Question

Integrate $\int {{3^x}dx} $ .

Answer 1

Hint: This question deals with the natural logarithm and the application of it’s properties. To solve this integral, it should be converted into a simpler form so that it can be integrated easily and for that the basic knowledge of natural logarithm and it’s properties is required. The natural log can be represented in more than one way, like: ${\log _e}x = {\ln _e}x = \ln x$ , they all mean the same. Some basic properties of natural logarithm are: $\left( 1 \right)\ln 1 = 0$ $\left( 2 \right)\ln e = 1$ $\left( 3 \right)\ln {e^x} = x$ $\left( 4 \right)\ln y = \ln x$ , means $x = y$ .
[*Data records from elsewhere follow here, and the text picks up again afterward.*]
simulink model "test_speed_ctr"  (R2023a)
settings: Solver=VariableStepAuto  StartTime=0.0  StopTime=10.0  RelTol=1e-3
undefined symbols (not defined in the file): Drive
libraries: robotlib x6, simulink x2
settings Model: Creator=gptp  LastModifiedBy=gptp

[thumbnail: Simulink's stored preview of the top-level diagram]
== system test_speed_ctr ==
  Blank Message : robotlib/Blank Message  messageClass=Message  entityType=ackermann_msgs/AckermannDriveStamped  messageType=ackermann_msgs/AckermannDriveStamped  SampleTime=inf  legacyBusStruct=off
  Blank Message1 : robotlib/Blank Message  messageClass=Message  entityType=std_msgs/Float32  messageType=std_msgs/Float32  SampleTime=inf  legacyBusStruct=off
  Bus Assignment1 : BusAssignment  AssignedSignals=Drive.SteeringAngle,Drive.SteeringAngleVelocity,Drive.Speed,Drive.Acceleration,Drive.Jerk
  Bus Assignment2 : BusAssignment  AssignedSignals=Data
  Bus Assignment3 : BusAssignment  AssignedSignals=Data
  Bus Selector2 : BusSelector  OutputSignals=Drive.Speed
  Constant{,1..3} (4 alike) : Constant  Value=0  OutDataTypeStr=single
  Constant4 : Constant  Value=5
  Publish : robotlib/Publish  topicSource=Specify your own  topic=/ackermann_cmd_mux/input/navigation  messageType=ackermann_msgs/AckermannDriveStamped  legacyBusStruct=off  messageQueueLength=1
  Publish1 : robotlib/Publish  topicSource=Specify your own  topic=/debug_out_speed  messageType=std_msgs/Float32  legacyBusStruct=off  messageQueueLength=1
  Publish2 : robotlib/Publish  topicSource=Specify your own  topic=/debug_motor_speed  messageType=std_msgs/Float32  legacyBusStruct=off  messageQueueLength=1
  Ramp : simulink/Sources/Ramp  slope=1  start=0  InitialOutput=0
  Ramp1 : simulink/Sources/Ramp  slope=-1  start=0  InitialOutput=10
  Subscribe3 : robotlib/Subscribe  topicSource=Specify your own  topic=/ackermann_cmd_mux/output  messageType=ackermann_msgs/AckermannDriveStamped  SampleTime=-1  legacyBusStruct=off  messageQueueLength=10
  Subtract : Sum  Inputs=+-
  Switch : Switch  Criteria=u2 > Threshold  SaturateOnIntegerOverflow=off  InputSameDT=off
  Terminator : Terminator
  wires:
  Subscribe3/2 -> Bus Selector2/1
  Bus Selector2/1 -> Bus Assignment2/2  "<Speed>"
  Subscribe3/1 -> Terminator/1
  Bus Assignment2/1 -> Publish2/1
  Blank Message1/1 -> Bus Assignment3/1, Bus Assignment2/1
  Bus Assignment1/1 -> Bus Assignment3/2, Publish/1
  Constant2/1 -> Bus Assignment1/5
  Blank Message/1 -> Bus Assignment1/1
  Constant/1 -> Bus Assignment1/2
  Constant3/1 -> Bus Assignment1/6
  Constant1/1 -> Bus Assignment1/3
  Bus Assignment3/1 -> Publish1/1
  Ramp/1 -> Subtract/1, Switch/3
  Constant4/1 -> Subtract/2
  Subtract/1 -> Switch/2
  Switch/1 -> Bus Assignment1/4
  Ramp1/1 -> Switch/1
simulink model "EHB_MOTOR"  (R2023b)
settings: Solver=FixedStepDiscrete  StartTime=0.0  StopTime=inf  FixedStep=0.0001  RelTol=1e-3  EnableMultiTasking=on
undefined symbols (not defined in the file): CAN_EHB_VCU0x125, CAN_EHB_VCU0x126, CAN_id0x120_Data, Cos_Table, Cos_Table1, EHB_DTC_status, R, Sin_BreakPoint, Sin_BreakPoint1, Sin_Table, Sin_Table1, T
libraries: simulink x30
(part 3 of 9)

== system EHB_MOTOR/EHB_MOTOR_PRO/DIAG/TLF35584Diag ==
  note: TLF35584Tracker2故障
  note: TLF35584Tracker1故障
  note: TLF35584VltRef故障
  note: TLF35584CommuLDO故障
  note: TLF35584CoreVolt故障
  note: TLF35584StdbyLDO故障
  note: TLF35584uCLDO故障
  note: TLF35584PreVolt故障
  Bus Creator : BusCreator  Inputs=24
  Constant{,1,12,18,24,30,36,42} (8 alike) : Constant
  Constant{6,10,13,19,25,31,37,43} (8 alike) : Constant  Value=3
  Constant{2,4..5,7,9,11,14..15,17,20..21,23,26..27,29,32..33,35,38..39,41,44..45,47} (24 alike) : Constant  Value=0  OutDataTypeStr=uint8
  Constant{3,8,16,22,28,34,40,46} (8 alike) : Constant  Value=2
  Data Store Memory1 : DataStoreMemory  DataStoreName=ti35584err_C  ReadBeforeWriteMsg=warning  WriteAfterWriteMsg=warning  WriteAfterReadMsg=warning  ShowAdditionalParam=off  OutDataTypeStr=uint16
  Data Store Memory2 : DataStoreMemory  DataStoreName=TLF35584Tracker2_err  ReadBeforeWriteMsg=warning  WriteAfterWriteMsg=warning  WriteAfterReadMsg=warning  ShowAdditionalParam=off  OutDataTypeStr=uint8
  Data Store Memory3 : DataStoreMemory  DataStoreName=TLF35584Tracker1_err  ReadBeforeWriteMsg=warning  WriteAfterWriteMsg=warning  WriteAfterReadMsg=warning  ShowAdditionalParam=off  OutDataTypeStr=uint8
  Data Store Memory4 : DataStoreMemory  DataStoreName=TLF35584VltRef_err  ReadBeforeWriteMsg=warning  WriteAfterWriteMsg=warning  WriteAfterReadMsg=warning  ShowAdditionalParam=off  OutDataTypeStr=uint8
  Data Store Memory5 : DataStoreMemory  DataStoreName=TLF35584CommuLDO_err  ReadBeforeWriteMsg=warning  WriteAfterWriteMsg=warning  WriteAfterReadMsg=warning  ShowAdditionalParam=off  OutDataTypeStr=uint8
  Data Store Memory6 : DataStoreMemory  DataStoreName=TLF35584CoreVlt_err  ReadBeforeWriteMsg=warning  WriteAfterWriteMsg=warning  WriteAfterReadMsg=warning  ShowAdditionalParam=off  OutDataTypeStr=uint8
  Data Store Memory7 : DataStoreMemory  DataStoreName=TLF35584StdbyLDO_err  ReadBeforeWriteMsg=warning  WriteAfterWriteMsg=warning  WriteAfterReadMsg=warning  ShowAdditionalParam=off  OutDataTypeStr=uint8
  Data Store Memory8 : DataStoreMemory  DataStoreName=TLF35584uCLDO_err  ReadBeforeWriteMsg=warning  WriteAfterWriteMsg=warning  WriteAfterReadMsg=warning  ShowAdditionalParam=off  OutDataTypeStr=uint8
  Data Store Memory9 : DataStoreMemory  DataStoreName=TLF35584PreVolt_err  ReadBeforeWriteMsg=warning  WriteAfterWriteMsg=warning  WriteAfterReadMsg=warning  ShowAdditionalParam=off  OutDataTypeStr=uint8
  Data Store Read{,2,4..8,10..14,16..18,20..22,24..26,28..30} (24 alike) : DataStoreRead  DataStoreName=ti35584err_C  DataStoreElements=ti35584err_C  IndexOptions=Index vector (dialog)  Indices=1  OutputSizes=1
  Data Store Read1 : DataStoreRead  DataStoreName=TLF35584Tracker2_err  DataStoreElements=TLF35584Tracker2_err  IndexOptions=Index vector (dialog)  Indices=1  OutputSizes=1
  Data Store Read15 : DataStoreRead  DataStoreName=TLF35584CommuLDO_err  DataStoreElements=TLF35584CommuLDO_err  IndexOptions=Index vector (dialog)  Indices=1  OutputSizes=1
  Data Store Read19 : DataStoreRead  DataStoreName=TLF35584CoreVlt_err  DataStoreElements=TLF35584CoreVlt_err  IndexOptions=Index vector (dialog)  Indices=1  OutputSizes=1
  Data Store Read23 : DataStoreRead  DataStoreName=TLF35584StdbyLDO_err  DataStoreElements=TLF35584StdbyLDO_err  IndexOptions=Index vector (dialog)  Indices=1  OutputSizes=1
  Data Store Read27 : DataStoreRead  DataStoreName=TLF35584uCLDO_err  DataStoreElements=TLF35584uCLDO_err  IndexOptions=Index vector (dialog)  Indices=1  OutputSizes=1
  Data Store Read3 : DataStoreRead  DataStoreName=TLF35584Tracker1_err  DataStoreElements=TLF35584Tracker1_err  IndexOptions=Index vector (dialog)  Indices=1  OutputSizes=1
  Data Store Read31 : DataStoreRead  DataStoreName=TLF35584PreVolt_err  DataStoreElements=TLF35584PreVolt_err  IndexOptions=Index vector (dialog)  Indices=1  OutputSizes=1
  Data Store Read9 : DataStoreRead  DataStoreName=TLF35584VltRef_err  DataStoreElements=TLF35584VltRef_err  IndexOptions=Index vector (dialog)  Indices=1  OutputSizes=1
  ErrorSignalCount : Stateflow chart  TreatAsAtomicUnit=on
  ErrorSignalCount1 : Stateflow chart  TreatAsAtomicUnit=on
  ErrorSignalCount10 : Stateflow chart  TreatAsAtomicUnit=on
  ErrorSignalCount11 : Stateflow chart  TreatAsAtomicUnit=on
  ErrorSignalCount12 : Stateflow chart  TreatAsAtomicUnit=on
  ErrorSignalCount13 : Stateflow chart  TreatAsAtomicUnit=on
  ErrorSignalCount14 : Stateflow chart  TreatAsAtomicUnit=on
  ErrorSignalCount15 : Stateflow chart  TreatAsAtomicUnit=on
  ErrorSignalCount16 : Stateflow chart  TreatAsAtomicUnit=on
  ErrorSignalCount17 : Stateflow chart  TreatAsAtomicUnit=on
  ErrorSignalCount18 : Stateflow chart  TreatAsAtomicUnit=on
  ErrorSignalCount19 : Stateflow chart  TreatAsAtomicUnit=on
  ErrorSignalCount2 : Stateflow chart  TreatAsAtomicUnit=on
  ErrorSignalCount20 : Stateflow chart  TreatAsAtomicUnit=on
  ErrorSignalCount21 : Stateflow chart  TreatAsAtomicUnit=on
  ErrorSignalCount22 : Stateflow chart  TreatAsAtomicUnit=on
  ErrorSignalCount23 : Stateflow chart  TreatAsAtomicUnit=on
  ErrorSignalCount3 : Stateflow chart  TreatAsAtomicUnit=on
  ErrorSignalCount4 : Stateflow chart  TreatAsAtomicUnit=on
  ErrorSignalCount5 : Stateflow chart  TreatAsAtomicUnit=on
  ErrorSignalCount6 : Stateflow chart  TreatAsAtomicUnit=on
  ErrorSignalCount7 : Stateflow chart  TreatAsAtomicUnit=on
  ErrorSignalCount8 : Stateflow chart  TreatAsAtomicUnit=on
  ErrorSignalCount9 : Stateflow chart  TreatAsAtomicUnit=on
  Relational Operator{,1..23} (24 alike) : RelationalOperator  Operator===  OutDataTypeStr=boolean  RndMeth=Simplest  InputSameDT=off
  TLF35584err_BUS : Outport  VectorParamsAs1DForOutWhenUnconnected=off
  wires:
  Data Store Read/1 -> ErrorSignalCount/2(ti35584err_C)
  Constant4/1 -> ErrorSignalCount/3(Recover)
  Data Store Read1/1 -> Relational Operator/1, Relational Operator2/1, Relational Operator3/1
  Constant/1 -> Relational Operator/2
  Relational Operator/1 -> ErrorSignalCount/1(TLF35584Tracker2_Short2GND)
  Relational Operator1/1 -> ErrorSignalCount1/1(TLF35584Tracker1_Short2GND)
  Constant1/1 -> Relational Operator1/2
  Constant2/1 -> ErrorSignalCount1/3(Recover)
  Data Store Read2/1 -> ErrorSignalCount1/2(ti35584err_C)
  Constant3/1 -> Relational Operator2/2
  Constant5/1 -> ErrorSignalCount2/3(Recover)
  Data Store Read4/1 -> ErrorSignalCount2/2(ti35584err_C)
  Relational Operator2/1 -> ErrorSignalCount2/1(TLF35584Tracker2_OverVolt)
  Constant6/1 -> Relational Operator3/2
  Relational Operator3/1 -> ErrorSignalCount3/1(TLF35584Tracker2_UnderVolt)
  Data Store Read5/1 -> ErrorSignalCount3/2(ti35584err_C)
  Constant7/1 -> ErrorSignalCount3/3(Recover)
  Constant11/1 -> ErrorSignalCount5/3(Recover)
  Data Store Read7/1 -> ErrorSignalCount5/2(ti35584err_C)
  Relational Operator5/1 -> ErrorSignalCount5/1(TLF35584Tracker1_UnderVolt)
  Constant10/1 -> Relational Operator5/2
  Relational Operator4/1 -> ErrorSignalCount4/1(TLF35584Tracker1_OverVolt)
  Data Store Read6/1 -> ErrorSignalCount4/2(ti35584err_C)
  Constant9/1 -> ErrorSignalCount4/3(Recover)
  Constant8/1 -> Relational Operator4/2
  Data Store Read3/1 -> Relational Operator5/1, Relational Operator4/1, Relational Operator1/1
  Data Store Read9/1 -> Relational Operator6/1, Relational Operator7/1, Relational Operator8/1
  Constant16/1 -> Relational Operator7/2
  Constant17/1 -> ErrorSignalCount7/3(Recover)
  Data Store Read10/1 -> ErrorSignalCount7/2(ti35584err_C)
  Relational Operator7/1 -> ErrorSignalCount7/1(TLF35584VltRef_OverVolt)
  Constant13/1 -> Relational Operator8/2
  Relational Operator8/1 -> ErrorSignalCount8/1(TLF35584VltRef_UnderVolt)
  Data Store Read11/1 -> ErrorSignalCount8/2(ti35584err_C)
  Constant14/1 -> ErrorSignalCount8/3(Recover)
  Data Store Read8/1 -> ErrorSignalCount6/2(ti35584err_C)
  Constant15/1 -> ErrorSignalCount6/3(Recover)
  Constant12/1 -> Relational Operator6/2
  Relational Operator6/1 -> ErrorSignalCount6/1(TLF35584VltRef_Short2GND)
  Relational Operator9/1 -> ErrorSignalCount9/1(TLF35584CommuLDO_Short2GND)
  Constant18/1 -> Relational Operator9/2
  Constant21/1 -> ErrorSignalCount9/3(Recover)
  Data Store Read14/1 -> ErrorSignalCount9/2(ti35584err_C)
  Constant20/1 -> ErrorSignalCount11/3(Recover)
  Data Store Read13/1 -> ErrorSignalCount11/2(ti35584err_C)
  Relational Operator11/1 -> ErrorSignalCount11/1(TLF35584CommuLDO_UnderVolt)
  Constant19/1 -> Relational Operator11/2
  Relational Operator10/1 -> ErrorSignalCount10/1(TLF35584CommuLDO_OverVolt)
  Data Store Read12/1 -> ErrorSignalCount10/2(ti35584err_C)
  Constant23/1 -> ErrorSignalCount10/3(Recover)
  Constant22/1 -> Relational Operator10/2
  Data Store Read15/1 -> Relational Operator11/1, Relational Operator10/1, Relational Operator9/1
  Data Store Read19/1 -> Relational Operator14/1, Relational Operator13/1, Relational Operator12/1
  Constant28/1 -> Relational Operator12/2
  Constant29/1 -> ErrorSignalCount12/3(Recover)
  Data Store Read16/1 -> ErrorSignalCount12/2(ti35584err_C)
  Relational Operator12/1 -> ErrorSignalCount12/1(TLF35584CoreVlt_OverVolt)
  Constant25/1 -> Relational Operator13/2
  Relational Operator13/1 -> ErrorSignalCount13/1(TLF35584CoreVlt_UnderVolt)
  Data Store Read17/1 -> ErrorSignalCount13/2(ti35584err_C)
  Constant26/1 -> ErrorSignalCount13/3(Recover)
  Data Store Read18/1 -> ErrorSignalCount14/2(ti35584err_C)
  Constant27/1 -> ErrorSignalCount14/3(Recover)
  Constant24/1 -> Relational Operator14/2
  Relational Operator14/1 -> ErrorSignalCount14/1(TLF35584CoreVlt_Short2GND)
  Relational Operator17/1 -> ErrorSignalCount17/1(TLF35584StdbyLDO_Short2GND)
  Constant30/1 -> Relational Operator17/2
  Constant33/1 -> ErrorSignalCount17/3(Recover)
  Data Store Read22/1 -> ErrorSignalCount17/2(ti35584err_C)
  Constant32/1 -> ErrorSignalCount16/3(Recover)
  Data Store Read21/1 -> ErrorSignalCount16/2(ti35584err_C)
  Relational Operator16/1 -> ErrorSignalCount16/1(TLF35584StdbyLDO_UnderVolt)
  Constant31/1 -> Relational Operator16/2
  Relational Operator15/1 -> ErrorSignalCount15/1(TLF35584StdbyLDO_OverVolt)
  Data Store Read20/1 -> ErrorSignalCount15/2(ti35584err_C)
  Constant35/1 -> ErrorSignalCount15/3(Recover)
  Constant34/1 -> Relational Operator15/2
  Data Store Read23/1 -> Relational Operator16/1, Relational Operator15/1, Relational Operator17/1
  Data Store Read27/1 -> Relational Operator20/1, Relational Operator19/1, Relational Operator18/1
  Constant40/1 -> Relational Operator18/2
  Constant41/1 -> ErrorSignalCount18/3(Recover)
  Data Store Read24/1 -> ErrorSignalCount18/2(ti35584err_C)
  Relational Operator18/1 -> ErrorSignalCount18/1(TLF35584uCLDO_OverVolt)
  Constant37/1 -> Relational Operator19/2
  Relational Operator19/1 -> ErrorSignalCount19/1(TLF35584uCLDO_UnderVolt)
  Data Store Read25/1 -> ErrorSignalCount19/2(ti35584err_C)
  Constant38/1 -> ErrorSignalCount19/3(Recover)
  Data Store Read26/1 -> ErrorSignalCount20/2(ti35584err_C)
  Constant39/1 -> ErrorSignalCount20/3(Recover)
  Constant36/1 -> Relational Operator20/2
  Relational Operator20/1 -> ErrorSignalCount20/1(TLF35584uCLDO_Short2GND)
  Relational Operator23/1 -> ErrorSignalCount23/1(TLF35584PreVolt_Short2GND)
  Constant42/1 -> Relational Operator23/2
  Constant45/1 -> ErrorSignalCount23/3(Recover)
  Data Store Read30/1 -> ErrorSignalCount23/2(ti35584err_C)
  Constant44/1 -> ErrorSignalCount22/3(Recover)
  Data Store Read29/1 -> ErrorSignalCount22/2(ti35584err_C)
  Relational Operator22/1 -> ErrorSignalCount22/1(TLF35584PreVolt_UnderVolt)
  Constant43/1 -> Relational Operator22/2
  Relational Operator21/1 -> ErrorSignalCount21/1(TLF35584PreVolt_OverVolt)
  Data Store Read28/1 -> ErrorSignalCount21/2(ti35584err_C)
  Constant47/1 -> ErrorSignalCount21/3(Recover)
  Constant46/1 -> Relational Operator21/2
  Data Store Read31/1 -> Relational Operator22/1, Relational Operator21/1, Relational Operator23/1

Complete step by step answer:
This question is a bit different since here $x$ is in the power of $3$ . Therefore we will try to replace $3$ by something else in such a way that it can be easily integrated.
Let us understand one concept for that, where we will prove that; ${e^{\ln x}} = x$ .
To prove this, let $y = {e^{\ln x}}$ $......\left( 1 \right)$
By taking log on both sides, we get;
$ \Rightarrow \ln \left( y \right) = \ln {e^{\ln \left( x \right)}}$
By the standard logarithmic rule, we know that; ${\log _b}{a^n} = n{\log _b}a$
Applying it in the above equation, we get;
$ \Rightarrow \ln \left( y \right) = \ln \left( x \right)\ln \left( e \right)$
$\because \ln \left( e \right) = 1$ (Because exponential and logarithmic functions are inverse of each other)
$ \Rightarrow \ln \left( y \right) = \ln \left( x \right)$
Here, notice that the logarithm of the two variables are equal, therefore the variables will also be equal;
$ \Rightarrow y = x$
Replace the x value by $y$ in equation $\left( 1 \right)$, we get;
$ \Rightarrow x = {e^{\ln x}}$
Hence proved that ${e^{\ln x}} = x$.
Now, we will try to use this identity to solve our given question;
$ = \int {{3^x}dx} $ $......\left( 2 \right)$
We can write $3$ as; ${e^{\ln 3}} = 3$ using identity ${e^{\ln x}} = x$ ;
Putting the value of $3$ in equation $\left( 2 \right)$, we get;
$ \Rightarrow \int {{{\left( {{e^{\ln 3}}} \right)}^x}} dx$
On further simplification;
$ \Rightarrow \int {{e^{\ln 3x}}} dx$
By identity $\int {{e^x}dx} = {e^x}$
Here $x$ is $\ln 3x$, so our integral reduces to;
$ \Rightarrow \dfrac{1}{{\ln 3}}{\left( {{e^{\ln 3}}} \right)^x} + C$ ( where $C$ is the integration constant )
And we assumed that ${e^{\ln 3}} = 3$ ;
$ \Rightarrow \dfrac{{{3^x}}}{{\ln 3}} + C$
Therefore, the correct answer for this question is $\dfrac{{{3^x}}}{{\ln 3}} + C$

Note: This question tests our knowledge about the understanding of logarithmic functions and basic identities. Some of the most frequently used and important logarithmic identities are: $\left( 1 \right)$ Logarithmic additive identity is given by $ \Rightarrow {\log _b}\left( {xy} \right) = {\log _b}x + {\log _b}y$. $\left( 2 \right)$ Logarithmic subtractive identity : ${\log _b}\left( {\dfrac{x}{y}} \right) = {\log _b}x - {\log _b}y$. $\left( 3 \right)$ ${\log _b}{a^n} = n{\log _b}a$ .